## WHAT IS BEING ASKED
Copy out again, unchanged, the listing below from the line that has "line L2 (-66.9278, 45.5047)" through the line that has "arc A4 (-70.2084, 38.9774)".

[DATA FOR ANALYSIS — start]

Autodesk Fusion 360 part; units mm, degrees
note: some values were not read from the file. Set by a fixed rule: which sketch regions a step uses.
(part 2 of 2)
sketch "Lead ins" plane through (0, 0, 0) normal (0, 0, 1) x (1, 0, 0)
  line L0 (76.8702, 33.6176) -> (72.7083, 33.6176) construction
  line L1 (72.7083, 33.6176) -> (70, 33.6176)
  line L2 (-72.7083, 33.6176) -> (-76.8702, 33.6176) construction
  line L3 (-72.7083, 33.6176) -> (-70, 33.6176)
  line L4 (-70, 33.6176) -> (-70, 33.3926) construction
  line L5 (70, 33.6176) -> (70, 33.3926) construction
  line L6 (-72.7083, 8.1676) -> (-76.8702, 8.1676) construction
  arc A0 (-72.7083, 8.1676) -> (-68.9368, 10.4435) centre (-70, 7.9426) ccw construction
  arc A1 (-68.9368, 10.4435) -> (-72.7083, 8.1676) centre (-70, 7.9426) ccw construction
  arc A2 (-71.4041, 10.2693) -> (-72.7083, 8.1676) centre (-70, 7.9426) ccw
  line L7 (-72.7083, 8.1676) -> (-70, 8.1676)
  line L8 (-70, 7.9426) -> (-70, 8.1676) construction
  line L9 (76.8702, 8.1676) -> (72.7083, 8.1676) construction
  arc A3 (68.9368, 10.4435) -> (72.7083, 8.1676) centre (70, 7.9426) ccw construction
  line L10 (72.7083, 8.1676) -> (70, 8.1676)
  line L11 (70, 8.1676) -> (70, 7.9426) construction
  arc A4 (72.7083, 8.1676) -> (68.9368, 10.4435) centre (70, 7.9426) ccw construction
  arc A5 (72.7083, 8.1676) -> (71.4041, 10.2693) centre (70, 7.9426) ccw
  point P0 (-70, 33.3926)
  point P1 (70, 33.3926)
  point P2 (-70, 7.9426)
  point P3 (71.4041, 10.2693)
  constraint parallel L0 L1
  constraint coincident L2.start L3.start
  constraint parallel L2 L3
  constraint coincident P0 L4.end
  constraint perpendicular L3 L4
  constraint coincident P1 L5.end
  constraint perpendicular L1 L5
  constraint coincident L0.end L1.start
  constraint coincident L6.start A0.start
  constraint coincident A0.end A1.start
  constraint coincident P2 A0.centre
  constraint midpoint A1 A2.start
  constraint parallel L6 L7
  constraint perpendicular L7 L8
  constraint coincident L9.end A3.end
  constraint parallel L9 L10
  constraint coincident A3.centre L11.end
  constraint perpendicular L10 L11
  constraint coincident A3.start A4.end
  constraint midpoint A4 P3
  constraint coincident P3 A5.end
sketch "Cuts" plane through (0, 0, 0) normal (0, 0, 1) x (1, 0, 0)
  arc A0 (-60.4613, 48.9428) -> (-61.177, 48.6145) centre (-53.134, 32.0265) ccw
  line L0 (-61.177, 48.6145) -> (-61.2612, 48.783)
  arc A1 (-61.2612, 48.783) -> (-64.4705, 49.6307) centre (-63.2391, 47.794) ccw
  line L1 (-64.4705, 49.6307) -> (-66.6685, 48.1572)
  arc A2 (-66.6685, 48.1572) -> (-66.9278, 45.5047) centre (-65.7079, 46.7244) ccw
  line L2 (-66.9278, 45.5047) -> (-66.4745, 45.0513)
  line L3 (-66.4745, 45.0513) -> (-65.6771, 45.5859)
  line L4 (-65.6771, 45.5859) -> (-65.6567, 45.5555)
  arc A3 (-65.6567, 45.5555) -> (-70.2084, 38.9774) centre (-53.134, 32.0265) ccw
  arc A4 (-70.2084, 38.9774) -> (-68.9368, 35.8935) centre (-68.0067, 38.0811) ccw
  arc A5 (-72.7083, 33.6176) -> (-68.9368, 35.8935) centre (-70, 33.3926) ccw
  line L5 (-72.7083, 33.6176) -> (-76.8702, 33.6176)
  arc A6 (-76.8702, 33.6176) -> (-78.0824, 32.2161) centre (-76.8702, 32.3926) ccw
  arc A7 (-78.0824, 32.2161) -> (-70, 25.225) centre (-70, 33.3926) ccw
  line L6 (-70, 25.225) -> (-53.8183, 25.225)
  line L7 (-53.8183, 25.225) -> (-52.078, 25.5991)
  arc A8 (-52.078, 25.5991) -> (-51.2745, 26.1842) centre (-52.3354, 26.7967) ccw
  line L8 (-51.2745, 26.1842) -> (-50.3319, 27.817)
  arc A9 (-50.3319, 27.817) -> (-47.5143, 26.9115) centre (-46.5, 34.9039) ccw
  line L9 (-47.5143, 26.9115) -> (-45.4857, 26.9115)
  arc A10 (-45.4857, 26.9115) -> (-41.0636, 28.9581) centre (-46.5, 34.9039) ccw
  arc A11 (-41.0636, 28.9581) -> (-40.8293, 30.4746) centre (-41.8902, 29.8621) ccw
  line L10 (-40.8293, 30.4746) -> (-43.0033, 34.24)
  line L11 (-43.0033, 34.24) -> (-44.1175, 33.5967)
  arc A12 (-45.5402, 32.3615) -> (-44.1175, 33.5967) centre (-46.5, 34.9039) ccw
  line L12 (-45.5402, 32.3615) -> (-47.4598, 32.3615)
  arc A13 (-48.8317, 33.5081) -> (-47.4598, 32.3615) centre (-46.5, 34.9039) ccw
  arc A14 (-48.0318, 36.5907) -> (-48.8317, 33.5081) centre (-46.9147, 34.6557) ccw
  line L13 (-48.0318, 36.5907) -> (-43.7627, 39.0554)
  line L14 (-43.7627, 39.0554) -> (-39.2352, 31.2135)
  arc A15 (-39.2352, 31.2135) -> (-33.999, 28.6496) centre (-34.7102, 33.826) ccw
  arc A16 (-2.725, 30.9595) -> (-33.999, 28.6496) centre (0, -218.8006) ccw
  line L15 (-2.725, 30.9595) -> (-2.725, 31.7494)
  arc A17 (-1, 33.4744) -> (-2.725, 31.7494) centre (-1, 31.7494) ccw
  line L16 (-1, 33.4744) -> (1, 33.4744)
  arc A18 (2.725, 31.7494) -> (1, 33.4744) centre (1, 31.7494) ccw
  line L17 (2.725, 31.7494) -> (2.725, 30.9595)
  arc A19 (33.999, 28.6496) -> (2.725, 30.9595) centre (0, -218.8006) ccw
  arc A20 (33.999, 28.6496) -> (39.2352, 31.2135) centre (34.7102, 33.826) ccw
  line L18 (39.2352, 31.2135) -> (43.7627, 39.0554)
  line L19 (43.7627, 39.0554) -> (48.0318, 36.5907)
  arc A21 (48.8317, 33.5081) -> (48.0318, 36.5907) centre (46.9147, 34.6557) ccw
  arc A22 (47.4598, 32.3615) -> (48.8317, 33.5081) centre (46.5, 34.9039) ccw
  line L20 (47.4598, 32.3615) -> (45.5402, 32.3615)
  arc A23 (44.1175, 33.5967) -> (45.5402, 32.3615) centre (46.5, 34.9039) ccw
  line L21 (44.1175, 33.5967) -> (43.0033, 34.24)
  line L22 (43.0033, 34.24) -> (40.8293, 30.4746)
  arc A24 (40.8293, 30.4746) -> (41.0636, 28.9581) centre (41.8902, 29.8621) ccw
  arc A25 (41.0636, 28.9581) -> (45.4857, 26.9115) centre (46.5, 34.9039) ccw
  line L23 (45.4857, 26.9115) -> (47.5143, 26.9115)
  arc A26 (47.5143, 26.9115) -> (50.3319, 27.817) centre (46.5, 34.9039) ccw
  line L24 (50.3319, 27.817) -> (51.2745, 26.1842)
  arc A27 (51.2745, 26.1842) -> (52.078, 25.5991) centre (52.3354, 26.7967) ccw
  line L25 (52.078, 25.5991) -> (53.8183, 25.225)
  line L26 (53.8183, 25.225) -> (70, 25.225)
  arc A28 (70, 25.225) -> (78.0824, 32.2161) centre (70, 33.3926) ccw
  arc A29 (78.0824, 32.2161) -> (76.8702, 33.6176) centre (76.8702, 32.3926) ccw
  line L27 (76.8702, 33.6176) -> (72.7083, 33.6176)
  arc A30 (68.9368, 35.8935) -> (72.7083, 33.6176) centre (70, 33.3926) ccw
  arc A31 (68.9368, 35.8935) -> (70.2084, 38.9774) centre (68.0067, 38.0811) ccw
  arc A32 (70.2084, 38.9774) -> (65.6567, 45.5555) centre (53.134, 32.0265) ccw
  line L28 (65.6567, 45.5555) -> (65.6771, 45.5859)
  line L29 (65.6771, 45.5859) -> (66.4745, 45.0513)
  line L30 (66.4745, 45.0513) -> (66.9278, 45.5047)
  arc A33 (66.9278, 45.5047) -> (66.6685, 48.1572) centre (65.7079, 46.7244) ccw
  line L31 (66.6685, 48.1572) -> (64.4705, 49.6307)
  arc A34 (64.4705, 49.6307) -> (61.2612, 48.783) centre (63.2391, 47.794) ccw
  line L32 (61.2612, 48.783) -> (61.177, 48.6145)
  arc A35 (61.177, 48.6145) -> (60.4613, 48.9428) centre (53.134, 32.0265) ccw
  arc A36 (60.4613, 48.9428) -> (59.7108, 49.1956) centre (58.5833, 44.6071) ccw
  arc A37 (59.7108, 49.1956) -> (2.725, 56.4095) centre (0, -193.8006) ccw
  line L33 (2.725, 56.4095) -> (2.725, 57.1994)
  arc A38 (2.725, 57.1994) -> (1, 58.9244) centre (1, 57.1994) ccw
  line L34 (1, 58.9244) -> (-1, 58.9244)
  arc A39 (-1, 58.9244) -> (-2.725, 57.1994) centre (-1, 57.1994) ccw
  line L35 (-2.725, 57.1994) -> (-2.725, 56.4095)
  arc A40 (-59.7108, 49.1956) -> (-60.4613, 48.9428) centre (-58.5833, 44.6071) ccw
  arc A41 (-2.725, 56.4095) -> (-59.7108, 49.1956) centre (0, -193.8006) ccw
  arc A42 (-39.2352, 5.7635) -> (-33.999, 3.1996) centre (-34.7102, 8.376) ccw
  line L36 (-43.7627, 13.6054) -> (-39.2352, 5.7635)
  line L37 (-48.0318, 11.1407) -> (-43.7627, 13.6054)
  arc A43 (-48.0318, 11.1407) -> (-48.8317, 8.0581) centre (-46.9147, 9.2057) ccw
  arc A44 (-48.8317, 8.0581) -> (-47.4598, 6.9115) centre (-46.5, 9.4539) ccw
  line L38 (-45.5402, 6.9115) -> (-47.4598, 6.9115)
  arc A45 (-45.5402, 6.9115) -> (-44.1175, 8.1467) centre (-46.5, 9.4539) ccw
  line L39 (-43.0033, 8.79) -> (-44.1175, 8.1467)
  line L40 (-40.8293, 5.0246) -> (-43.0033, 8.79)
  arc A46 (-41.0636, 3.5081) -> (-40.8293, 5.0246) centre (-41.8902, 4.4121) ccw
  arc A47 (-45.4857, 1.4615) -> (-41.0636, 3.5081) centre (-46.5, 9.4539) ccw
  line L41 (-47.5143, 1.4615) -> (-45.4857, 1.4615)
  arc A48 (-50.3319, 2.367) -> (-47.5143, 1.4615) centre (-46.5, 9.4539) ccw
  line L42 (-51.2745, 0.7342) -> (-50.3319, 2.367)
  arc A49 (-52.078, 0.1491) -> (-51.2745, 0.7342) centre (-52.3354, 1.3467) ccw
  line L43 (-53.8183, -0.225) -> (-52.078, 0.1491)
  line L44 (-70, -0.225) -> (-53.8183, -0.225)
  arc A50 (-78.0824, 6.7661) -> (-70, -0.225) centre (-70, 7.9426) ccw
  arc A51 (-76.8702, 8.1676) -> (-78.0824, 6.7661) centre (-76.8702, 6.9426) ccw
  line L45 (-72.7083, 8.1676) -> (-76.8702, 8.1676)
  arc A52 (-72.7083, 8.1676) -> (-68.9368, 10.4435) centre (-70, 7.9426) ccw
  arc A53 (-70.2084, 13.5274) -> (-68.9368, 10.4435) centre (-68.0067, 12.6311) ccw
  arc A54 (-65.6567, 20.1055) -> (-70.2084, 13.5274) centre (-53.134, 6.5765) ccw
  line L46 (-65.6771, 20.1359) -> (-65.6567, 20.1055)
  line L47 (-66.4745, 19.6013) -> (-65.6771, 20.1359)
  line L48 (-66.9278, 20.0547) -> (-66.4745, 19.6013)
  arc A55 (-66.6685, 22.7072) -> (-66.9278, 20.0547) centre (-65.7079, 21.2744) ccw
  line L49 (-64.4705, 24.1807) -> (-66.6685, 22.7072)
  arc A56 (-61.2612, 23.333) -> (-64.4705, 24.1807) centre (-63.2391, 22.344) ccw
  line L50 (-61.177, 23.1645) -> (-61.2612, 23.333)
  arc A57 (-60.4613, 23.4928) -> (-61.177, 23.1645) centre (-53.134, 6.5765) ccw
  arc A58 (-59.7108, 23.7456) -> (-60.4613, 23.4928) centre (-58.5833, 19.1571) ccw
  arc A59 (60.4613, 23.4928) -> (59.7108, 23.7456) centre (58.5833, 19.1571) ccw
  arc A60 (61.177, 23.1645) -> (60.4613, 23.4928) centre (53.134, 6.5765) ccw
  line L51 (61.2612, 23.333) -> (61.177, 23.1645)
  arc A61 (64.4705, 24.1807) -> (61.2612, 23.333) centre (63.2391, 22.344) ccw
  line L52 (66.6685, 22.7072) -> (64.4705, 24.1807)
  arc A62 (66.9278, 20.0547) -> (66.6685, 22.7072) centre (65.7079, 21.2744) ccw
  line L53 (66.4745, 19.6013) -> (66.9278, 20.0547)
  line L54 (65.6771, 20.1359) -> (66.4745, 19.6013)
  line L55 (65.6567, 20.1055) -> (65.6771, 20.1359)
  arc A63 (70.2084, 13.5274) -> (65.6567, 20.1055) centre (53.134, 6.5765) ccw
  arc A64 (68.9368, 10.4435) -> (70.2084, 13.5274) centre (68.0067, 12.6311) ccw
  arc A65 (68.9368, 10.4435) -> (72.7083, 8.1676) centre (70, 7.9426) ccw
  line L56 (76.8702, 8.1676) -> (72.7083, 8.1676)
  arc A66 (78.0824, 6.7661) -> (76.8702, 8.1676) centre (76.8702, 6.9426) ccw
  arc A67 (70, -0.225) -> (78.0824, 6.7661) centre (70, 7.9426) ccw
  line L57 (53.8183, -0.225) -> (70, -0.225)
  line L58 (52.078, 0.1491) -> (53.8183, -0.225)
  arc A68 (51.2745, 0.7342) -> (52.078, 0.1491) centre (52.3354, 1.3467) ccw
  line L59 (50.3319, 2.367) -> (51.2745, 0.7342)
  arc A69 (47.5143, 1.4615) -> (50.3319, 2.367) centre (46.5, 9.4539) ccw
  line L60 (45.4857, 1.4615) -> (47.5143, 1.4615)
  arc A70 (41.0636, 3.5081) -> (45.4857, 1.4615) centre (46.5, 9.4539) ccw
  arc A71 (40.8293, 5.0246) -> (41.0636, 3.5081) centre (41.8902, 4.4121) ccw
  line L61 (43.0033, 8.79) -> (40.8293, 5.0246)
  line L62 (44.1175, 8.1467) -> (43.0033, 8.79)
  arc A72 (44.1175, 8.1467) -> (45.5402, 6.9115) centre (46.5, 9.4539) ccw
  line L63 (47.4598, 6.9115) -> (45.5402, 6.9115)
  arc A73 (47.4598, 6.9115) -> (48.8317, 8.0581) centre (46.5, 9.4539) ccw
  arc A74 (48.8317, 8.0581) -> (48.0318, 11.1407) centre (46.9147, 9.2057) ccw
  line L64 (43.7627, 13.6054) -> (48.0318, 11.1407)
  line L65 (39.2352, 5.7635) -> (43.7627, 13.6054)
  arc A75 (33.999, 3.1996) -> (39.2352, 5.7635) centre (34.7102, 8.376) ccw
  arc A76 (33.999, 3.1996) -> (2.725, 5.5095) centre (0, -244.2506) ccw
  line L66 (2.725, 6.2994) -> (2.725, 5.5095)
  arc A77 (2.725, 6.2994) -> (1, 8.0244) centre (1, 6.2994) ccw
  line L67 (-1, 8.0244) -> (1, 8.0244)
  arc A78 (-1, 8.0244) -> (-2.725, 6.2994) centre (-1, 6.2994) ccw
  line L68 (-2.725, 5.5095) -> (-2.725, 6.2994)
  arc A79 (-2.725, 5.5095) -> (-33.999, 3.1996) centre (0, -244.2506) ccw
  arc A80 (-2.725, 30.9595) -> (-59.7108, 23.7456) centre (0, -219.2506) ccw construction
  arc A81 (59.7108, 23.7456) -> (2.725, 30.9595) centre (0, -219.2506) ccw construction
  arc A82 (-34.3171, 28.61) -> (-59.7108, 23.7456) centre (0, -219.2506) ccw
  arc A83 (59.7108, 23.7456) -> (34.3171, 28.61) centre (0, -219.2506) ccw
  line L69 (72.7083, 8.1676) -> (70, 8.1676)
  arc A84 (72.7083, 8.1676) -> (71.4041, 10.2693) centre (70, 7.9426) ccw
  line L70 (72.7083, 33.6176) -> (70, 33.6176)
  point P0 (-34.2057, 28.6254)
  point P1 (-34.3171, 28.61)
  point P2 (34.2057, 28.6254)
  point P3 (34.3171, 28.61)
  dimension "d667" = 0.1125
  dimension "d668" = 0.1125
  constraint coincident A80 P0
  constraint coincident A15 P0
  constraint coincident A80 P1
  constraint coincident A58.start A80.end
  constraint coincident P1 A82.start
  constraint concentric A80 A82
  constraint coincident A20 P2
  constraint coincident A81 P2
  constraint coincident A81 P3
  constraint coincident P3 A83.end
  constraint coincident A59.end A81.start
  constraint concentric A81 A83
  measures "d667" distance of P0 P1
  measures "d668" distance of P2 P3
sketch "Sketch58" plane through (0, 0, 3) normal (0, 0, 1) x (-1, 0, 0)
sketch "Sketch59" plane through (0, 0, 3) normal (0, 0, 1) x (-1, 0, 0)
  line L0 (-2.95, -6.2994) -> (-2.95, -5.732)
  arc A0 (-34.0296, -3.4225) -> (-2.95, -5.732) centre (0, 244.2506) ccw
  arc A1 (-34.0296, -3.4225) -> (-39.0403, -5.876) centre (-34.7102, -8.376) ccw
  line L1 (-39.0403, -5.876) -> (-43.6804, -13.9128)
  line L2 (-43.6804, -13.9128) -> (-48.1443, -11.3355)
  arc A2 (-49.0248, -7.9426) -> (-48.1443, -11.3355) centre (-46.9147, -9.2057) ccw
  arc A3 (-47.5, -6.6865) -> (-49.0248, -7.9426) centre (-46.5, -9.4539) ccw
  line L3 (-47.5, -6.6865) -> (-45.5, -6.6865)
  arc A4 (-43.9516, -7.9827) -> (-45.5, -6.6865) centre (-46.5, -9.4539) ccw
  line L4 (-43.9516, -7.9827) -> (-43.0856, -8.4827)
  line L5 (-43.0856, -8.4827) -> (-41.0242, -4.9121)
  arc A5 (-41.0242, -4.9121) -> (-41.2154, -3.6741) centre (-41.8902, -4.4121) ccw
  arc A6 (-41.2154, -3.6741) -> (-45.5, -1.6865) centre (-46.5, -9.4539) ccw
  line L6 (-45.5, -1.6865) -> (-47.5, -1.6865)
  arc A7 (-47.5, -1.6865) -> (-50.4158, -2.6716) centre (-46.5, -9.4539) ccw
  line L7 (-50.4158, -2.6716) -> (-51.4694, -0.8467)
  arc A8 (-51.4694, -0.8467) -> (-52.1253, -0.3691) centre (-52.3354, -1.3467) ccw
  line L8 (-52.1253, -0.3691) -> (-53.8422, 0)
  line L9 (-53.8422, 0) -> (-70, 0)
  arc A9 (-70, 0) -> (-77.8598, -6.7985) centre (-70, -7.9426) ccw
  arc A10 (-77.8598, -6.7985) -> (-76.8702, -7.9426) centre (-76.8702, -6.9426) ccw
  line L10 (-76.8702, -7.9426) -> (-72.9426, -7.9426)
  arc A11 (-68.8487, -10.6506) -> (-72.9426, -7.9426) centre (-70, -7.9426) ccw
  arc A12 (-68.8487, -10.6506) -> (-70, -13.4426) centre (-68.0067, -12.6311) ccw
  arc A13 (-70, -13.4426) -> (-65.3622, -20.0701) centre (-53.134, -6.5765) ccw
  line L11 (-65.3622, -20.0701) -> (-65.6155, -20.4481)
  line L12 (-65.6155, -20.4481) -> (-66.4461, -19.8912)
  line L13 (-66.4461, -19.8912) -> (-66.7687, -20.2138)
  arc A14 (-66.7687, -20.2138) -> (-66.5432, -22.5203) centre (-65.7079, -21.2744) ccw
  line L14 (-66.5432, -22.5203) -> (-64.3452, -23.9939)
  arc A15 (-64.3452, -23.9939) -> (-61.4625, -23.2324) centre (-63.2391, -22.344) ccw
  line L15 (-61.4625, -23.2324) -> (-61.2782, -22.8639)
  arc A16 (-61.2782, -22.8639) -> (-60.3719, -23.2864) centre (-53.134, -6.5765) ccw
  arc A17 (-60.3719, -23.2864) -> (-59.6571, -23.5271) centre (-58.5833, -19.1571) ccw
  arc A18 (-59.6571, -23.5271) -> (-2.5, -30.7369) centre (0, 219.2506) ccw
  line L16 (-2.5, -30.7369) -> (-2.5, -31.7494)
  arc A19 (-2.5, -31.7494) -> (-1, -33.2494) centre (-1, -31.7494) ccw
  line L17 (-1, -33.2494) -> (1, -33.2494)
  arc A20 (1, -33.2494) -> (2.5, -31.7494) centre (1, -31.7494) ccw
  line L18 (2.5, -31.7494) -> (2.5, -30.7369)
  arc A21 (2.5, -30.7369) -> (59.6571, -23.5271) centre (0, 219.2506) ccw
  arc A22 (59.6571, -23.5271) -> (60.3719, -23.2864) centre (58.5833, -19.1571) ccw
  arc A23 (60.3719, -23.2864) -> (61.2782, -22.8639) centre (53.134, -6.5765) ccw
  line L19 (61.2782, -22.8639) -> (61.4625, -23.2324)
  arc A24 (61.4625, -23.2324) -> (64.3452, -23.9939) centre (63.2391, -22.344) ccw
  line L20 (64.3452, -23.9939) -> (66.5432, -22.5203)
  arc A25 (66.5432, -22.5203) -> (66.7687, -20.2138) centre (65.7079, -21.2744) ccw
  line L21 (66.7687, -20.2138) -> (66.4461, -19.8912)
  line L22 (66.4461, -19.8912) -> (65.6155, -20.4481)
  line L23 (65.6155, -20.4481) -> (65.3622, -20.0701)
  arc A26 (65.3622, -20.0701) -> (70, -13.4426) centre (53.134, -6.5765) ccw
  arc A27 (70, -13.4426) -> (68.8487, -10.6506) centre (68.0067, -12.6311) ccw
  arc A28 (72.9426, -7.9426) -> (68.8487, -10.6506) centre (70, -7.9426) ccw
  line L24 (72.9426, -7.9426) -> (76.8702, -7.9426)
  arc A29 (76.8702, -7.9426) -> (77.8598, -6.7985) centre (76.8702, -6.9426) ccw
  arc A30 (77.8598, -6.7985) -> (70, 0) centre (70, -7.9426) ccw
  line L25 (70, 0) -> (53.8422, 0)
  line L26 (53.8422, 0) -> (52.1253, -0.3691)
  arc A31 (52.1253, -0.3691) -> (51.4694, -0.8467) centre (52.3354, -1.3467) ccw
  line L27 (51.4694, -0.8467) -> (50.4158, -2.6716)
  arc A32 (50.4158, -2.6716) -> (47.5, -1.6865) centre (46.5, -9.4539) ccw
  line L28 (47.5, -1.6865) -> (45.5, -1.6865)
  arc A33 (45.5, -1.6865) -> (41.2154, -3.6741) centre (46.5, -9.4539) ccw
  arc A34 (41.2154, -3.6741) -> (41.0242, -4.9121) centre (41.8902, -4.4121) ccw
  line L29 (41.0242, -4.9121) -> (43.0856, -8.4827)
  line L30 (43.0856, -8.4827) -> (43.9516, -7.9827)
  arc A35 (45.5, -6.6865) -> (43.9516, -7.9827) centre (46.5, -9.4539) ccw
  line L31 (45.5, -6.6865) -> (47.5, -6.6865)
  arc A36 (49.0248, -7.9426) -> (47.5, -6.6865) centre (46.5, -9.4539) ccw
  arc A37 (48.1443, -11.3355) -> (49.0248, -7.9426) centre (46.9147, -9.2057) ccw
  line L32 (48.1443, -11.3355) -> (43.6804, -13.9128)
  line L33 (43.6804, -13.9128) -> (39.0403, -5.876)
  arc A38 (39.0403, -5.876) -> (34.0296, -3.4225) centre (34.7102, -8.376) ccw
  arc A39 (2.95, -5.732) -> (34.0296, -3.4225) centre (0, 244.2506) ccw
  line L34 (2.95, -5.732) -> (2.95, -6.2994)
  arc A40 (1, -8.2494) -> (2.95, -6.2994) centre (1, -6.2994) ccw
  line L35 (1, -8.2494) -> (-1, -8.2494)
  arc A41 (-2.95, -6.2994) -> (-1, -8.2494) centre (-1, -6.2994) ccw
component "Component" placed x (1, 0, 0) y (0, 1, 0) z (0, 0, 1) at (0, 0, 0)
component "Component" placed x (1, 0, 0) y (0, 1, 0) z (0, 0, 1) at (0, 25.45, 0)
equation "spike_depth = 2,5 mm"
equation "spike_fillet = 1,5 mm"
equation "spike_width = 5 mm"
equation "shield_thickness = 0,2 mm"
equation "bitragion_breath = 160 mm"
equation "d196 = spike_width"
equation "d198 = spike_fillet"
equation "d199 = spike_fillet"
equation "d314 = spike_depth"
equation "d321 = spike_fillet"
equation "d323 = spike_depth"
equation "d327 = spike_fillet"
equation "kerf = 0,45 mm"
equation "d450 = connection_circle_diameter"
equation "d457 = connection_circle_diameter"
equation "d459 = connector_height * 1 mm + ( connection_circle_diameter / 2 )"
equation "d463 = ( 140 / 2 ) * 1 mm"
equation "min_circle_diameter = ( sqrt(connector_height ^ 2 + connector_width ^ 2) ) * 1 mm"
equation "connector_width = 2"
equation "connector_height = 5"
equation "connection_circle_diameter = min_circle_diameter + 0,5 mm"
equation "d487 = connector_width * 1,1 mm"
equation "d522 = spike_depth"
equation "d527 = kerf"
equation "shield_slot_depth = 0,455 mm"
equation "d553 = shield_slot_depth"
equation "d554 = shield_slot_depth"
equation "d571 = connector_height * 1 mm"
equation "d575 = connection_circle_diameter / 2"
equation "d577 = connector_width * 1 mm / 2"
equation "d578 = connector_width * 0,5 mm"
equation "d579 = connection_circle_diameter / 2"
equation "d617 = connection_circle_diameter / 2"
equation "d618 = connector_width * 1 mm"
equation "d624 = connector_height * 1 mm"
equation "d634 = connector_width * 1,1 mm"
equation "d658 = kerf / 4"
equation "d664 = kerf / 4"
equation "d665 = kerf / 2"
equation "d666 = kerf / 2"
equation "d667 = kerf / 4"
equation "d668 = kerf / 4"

[DATA FOR ANALYSIS — finish]

## REPLY
  line L2 (-66.9278, 45.5047) -> (-66.4745, 45.0513)
  line L3 (-66.4745, 45.0513) -> (-65.6771, 45.5859)
  line L4 (-65.6771, 45.5859) -> (-65.6567, 45.5555)
  arc A3 (-65.6567, 45.5555) -> (-70.2084, 38.9774) centre (-53.134, 32.0265) ccw
  arc A4 (-70.2084, 38.9774) -> (-68.9368, 35.8935) centre (-68.0067, 38.0811) ccw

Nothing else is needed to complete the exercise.